Peter abre los brazos de par en par.
—Todo es posible. —Me mira de reojo.
—¿Puede ser el Vaticano el que ha lanzado a sus agentes sobre mí? ¿En su persecución del cofre?
—¿Agentes? —Se ríe—. El Vaticano tendrá sus métodos. Pero seguro que está tan acostumbrado a que lo obedezcan que no debe de saber muy bien cómo tratar a quien se niega a actuar como él dice. No, no creo que el Vaticano vaya por ti.
—Si ese manuscrito existiera, aunque sólo fuera en teoría, ¿no debería saberse más sobre él?
—A no ser que alguien haya querido mantenerlo en secreto.
—¿Porqué?
—Supongo que eso puedes imaginártelo tú sólito.
Le doy un trago al coñac.
—Sería fantástico —digo—. Datos religiosos desviados… Datos que transformarán nuestra comprensión del cristianismo.
—Una idea amenazadora para muchos.
—¿Amenazadora?
—La noticia más llamativa de la historia del mundo. Mayor que el aterrizaje en la Luna. El evangelio propio de Jesús.
La idea hace que la cabeza me dé vueltas. A no ser que sea el coñac.
El bar de la biblioteca cierra a las once. Los investigadores eficientes se acuestan pronto. Al menos en el desierto, donde los pecados no esperan haciendo cola. Salimos flotando a la recepción, con su brillante suelo de mármol, casi vacía. Peter está algo bebido.
—¿Tomamos un poco de aire fresco? —pregunta.
Le digo que me parece buena idea.
Fuera está todo completamente oscuro, se ven las estrellas. El aire tiene una fragancia dulce y espinas de frío. Peter me enseña las instalaciones, subimos la colina y nos adentramos entre las higueras y los olivos. Nos abrimos paso a la débil luz del cielo y las ventanas iluminadas del instituto.
A media ladera, nos paramos bajo un árbol que extiende las ramas sobre nosotros como un techo. La corteza está agrietada por las garras de los siglos. La luna brilla en la hojarasca como un farolillo japonés. El aire del desierto, sorprendentemente fresco, tiene un efecto embriagador. Como si a la vuelta de la esquina hubiera un cactus burlón soltando gases y jugos narcóticos.
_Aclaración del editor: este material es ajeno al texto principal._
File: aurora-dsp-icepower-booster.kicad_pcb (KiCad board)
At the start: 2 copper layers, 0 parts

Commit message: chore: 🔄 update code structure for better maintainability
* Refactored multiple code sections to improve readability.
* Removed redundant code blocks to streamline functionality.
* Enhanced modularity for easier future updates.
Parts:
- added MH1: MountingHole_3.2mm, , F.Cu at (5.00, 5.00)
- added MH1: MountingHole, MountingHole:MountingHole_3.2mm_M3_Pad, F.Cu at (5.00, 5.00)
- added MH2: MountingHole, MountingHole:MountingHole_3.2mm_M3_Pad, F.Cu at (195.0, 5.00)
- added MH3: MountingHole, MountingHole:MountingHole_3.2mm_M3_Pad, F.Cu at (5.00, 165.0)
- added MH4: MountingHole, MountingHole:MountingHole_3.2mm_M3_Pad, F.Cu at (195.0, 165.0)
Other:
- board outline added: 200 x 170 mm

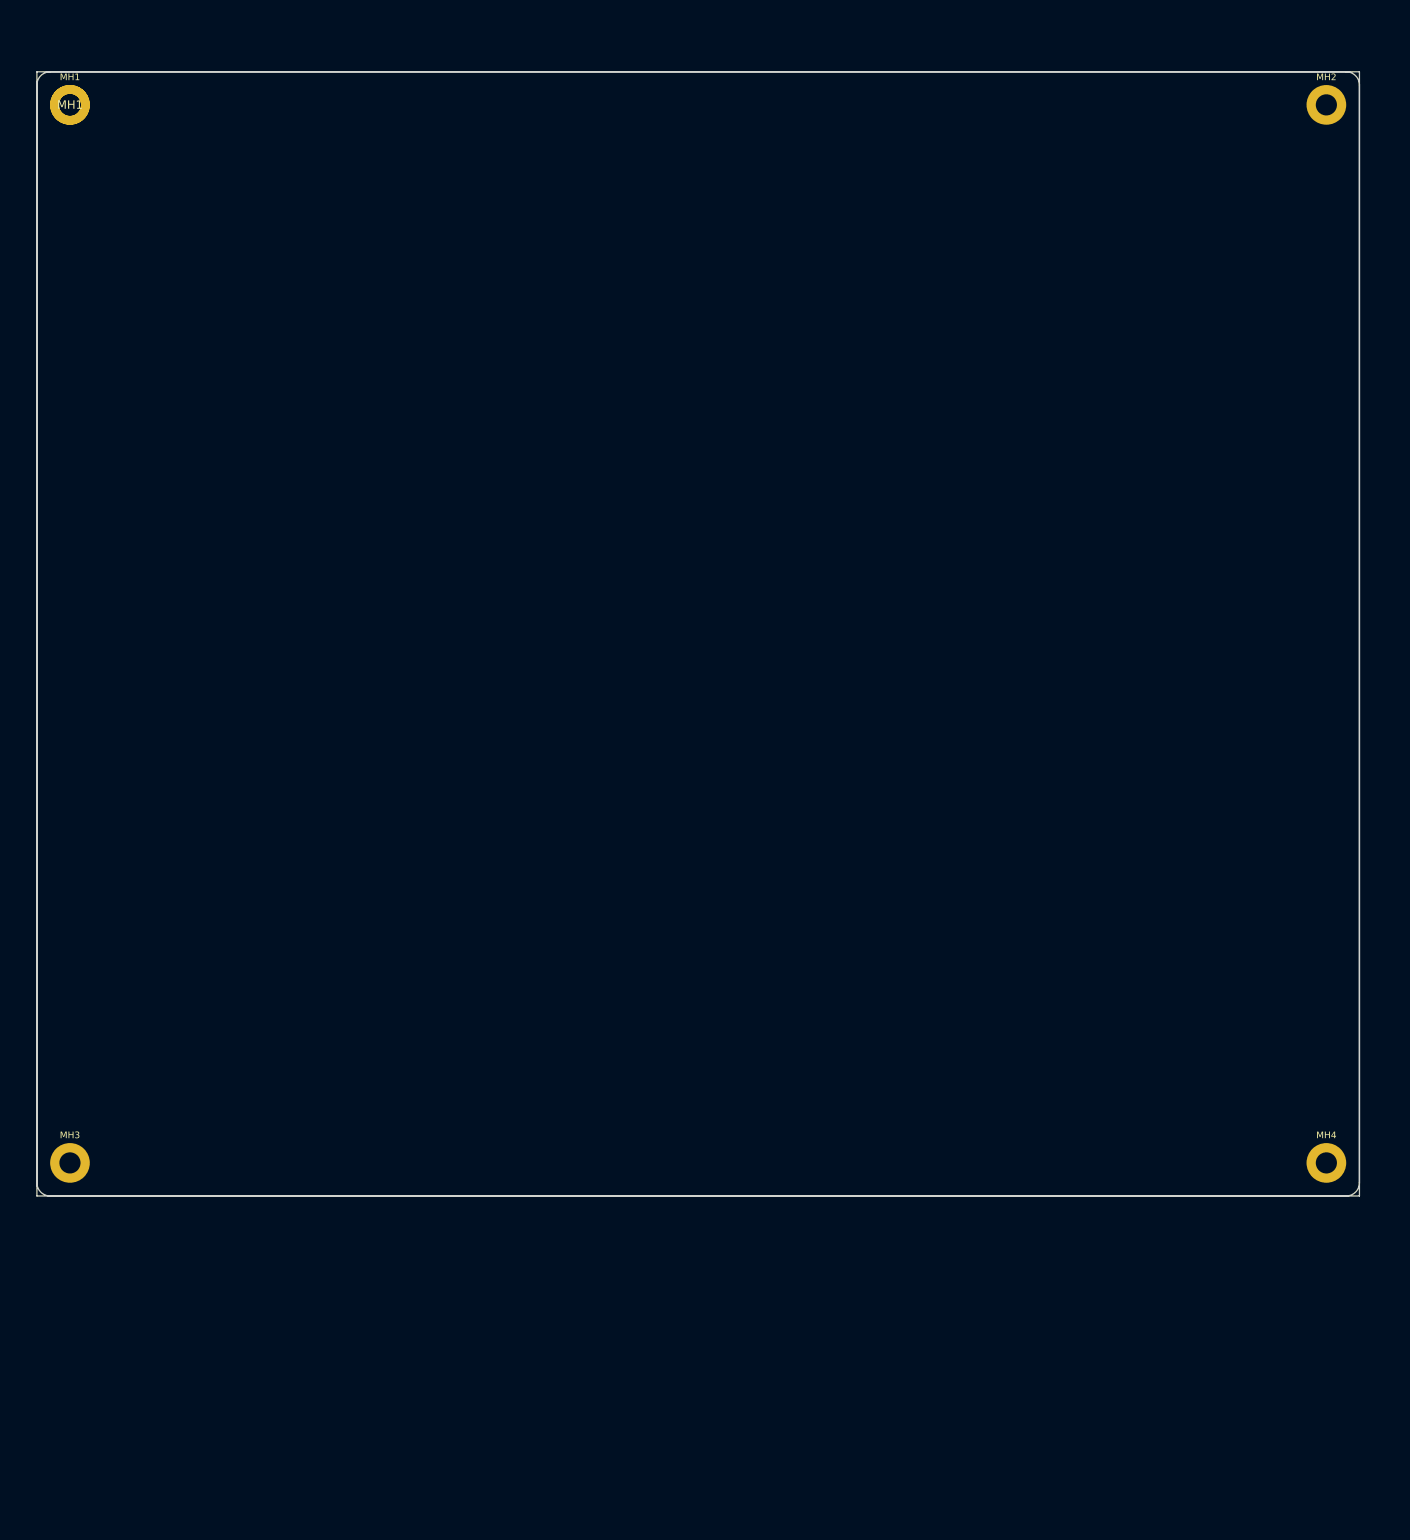
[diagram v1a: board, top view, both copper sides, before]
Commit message: feat: PCB layout v8 — routing 67%, cleanup & documentation
Schematic: 264 symbols, 0 ERC errors, all annotated
PCB: 243 footprints, 200x200mm 2-layer, v8 routing (271/400, 67%)
- Phase 0-3 complete (sync, board setup, placement)
- Phase 4 routing v8: A* pathfinding, 144 GND vias, GND zone B.Cu
- DRC: 269 violations (18 shorts, WIP), 399 unconnected (WIP)

Added:
- .gitignore for KiCad project
- FINDINGS.md: quality gate & circuit analysis
- datasheets/: ICEpower module datasheets, research docs
- scripts/pcb/: placement, netclass, mounting hole scripts
- scripts/reformat_sch.py, replicate_channels.py
- .github/skills/kicad-schematic/: references & validation scripts

Cleanup:
- Removed 13 .bak files, backups/ directory
- Removed 219 temp scripts from /tmp
- Updated .gitignore to cover *.bak*, ERC/DRC JSON, OS files
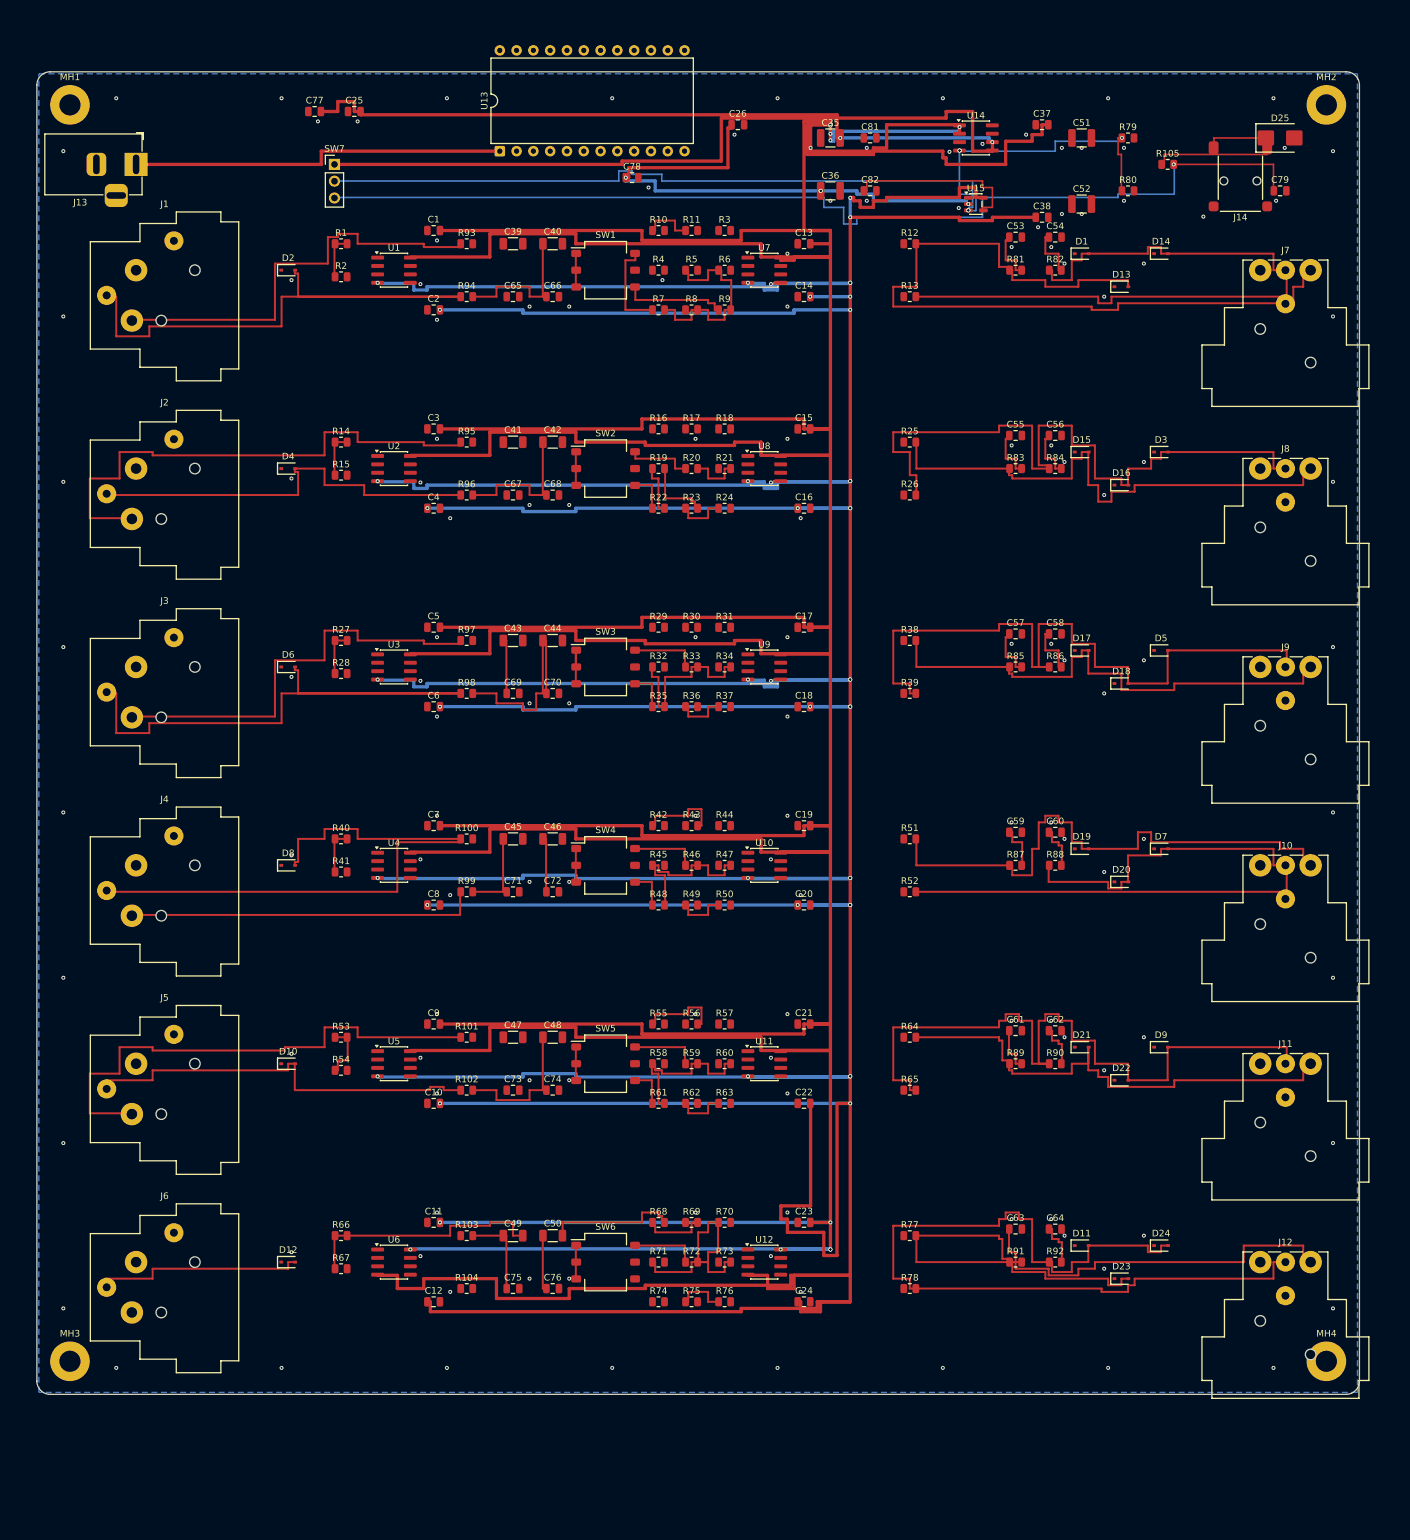
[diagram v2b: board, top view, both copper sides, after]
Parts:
- removed the MH1 at (5.00, 5.00)
- added C1: 100nF C0G, Capacitor_SMD:C_0805_2012Metric, F.Cu at (60.0, 24.0)
- added C10: 100nF C0G, Capacitor_SMD:C_0805_2012Metric, F.Cu at (60.0, 156.0)
- added C11: 100nF C0G, Capacitor_SMD:C_0805_2012Metric, F.Cu at (60.0, 174.0)
- added C12: 100nF C0G, Capacitor_SMD:C_0805_2012Metric, F.Cu at (60.0, 186.0)
- added C13: 100nF C0G, Capacitor_SMD:C_0805_2012Metric, F.Cu at (116.0, 26.0)
- added C14: 100nF C0G, Capacitor_SMD:C_0805_2012Metric, F.Cu at (116.0, 34.0)
- added C15: 100nF C0G, Capacitor_SMD:C_0805_2012Metric, F.Cu at (116.0, 54.0)
- added C16: 100nF C0G, Capacitor_SMD:C_0805_2012Metric, F.Cu at (116.0, 66.0)
- added C17: 100nF C0G, Capacitor_SMD:C_0805_2012Metric, F.Cu at (116.0, 84.0)
- added C18: 100nF C0G, Capacitor_SMD:C_0805_2012Metric, F.Cu at (116.0, 96.0)
- added C19: 100nF C0G, Capacitor_SMD:C_0805_2012Metric, F.Cu at (116.0, 114.0)
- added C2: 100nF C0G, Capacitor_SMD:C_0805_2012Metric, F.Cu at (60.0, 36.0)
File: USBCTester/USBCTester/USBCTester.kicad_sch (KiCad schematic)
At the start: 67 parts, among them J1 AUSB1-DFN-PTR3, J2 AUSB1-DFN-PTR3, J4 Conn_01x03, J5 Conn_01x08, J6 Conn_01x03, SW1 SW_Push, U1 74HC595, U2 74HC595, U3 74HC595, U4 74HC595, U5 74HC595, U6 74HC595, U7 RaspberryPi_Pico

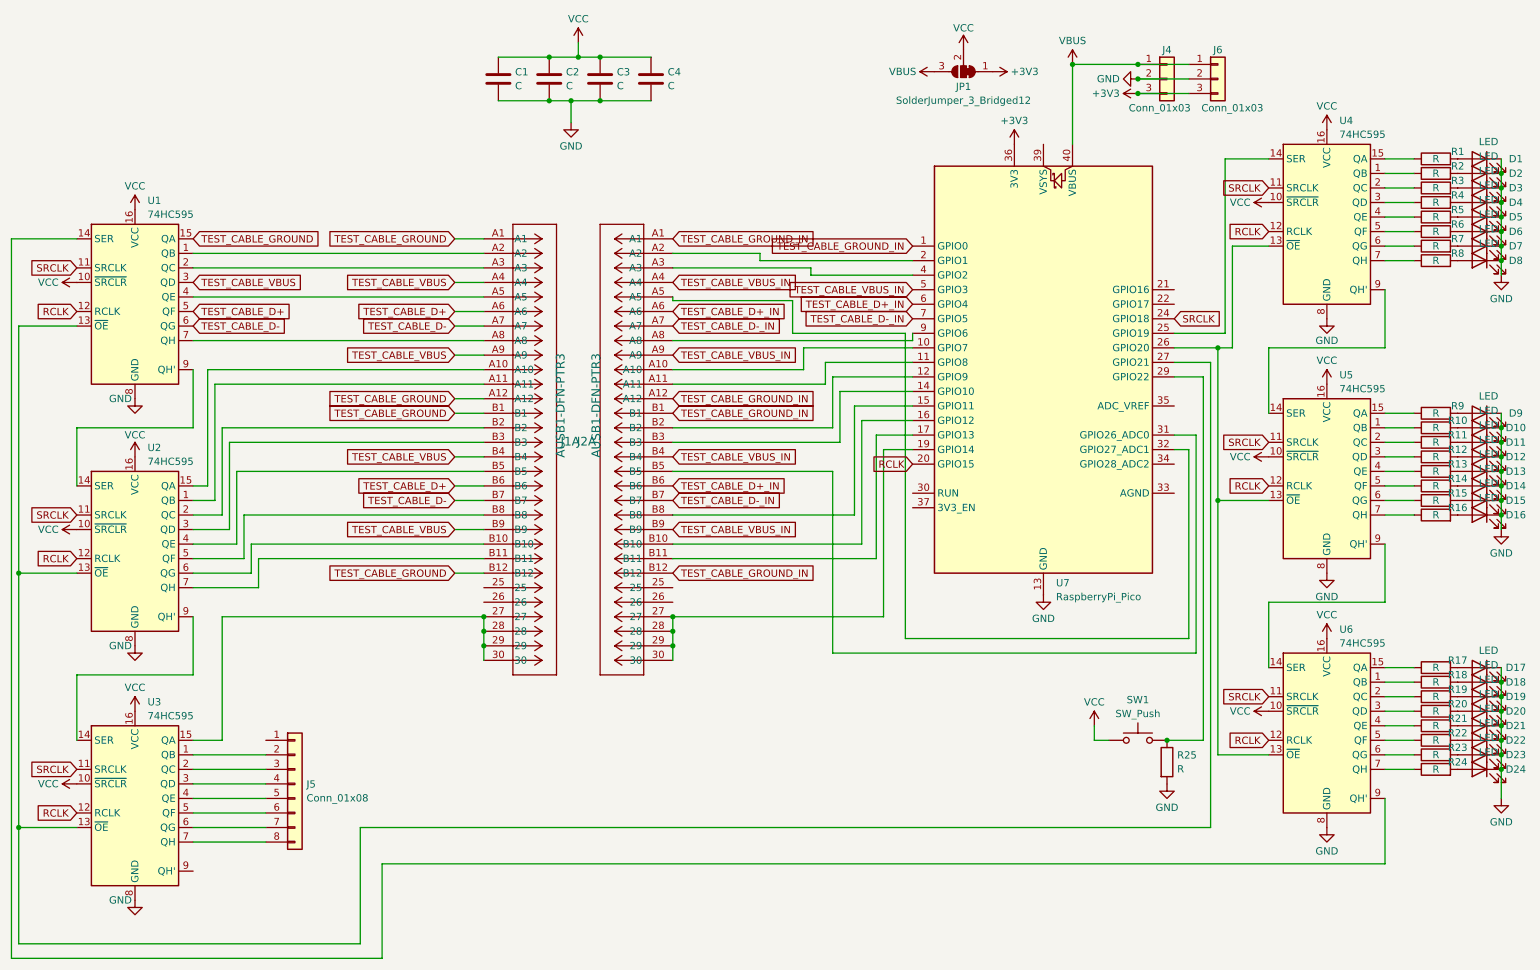
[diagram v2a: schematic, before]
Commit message: add more leds and route almost everything
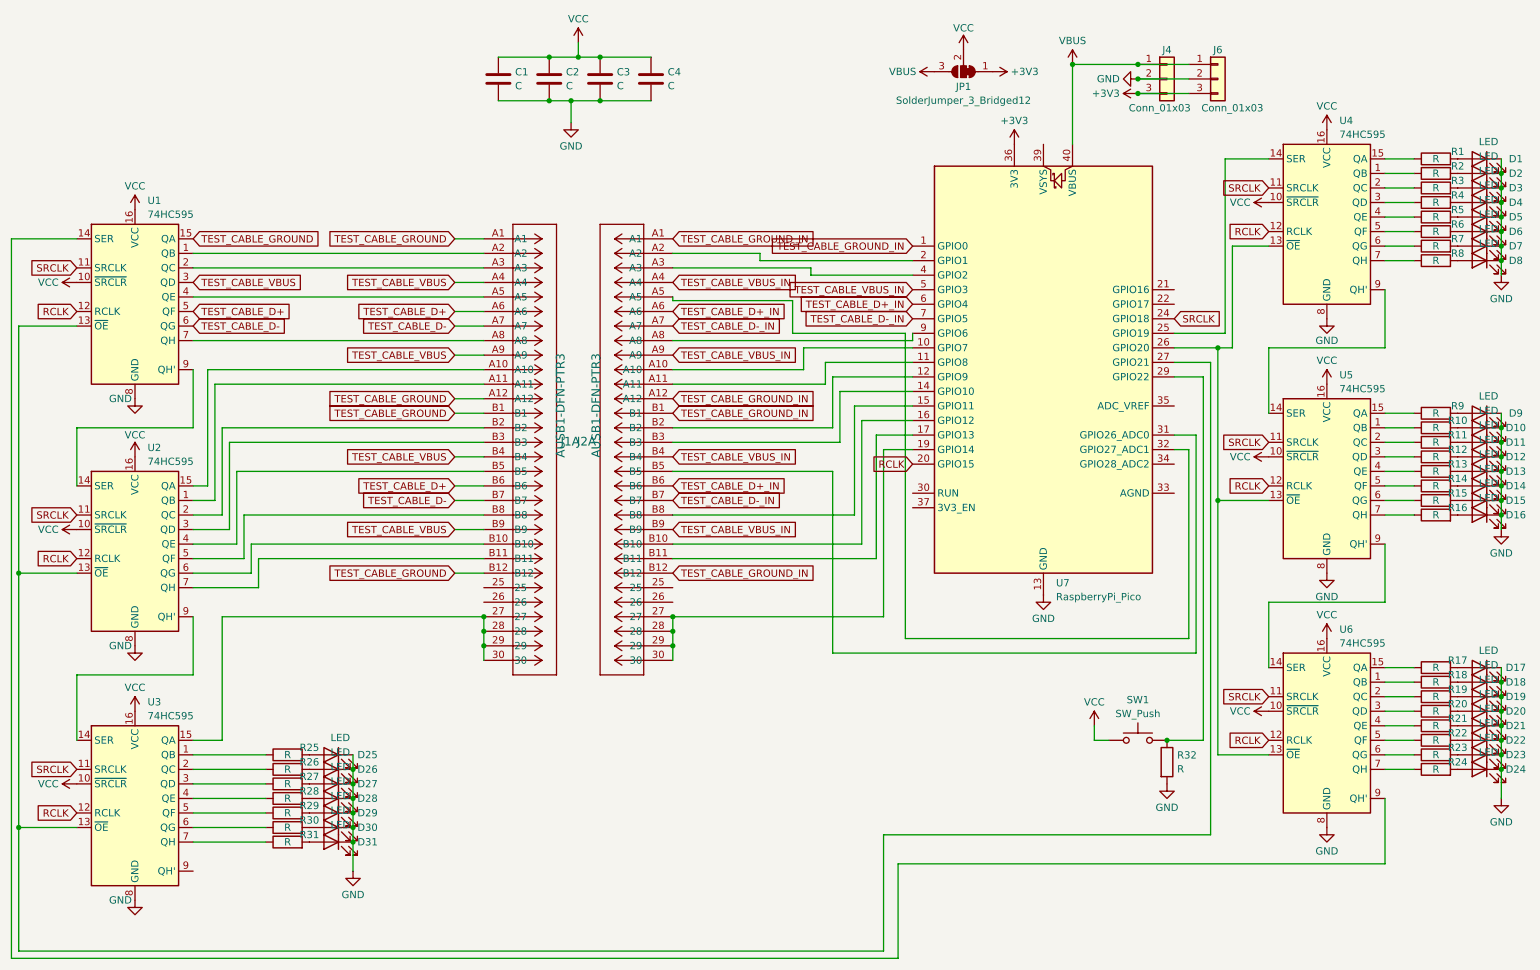
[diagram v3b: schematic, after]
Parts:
- removed J5: Conn_01x08, symbol Connector_Generic:Conn_01x08
- added D25, D26, D27, D28, D29, D30, D31: LED, LED_SMD:LED_0603_1608Metric, symbol Device:LED
- added R26, R27, R28, R29, R30, R31, R32: R, Resistor_SMD:R_0603_1608Metric, symbol Device:R
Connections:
- net GND: now also D25.1 (K), D26.1 (K), D27.1 (K), D28.1 (K), D29.1 (K), D30.1 (K), D31.1 (K), R32.2; no longer R25.2
- net at SW1.2, U7.29 (GPIO22): now also R32.1; no longer R25.1
- net at U3.1 (QB): now also R25.1
- net at U3.2 (QC): now also R26.1
- net at U3.3 (QD): now also R27.1
- net at U3.4 (QE): now also R28.1
- net at U3.5 (QF): now also R29.1
- net at U3.6 (QG): now also R30.1
- net at U3.7 (QH): now also R31.1
- new net: D30.2 (A), R30.2
- new net: D26.2 (A), R26.2
- new net: D27.2 (A), R27.2
- new net: D28.2 (A), R28.2
- new net: D31.2 (A), R31.2
- new net: D29.2 (A), R29.2
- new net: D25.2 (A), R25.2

—En tiempos hubo aquí un oasis natural —dice Peter. Inspira hondo por la nariz, como para saborear los aromas—. Fueron los monjes quienes plantaron los árboles. Y los cuidaron. Es un milagro que pueda crecer algo aquí fuera.
—¿Quiénes eran los monjes?
—Un grupo de judíos y cristianos. Disidentes, rebeldes. Querían encontrar una nueva comunidad. —Se ríe; la risa tiene un tinte venenoso.
Mi mirada busca en la oscuridad. Desde aquí el instituto parece una nave espacial que ha realizado un aterrizaje forzoso y está al rojo vivo, derritiéndose sobre el paisaje. Como si fuera un truco de cine encargado con antelación, una estrella fugaz cruza el cielo.
—¡Qué visión! —digo.
—Estrictamente no es más que un grano de arena que se prende al entrar en contacto con la atmósfera terrestre.
Todo está oscuro, negro, en silencio. El ambiente provoca en mí la confianza.
—¿Quién eres, Peter?
Con una sonrisa, se saca una petaca del bolsillo. Desenrosca el tapón y me ofrece la botella plana y cubierta de cuero.
—¿En el contexto general?
—Empecemos por ahí.
—Nadie en absoluto.
Bebo. El coñac arrastra una cola ardiente tras de sí.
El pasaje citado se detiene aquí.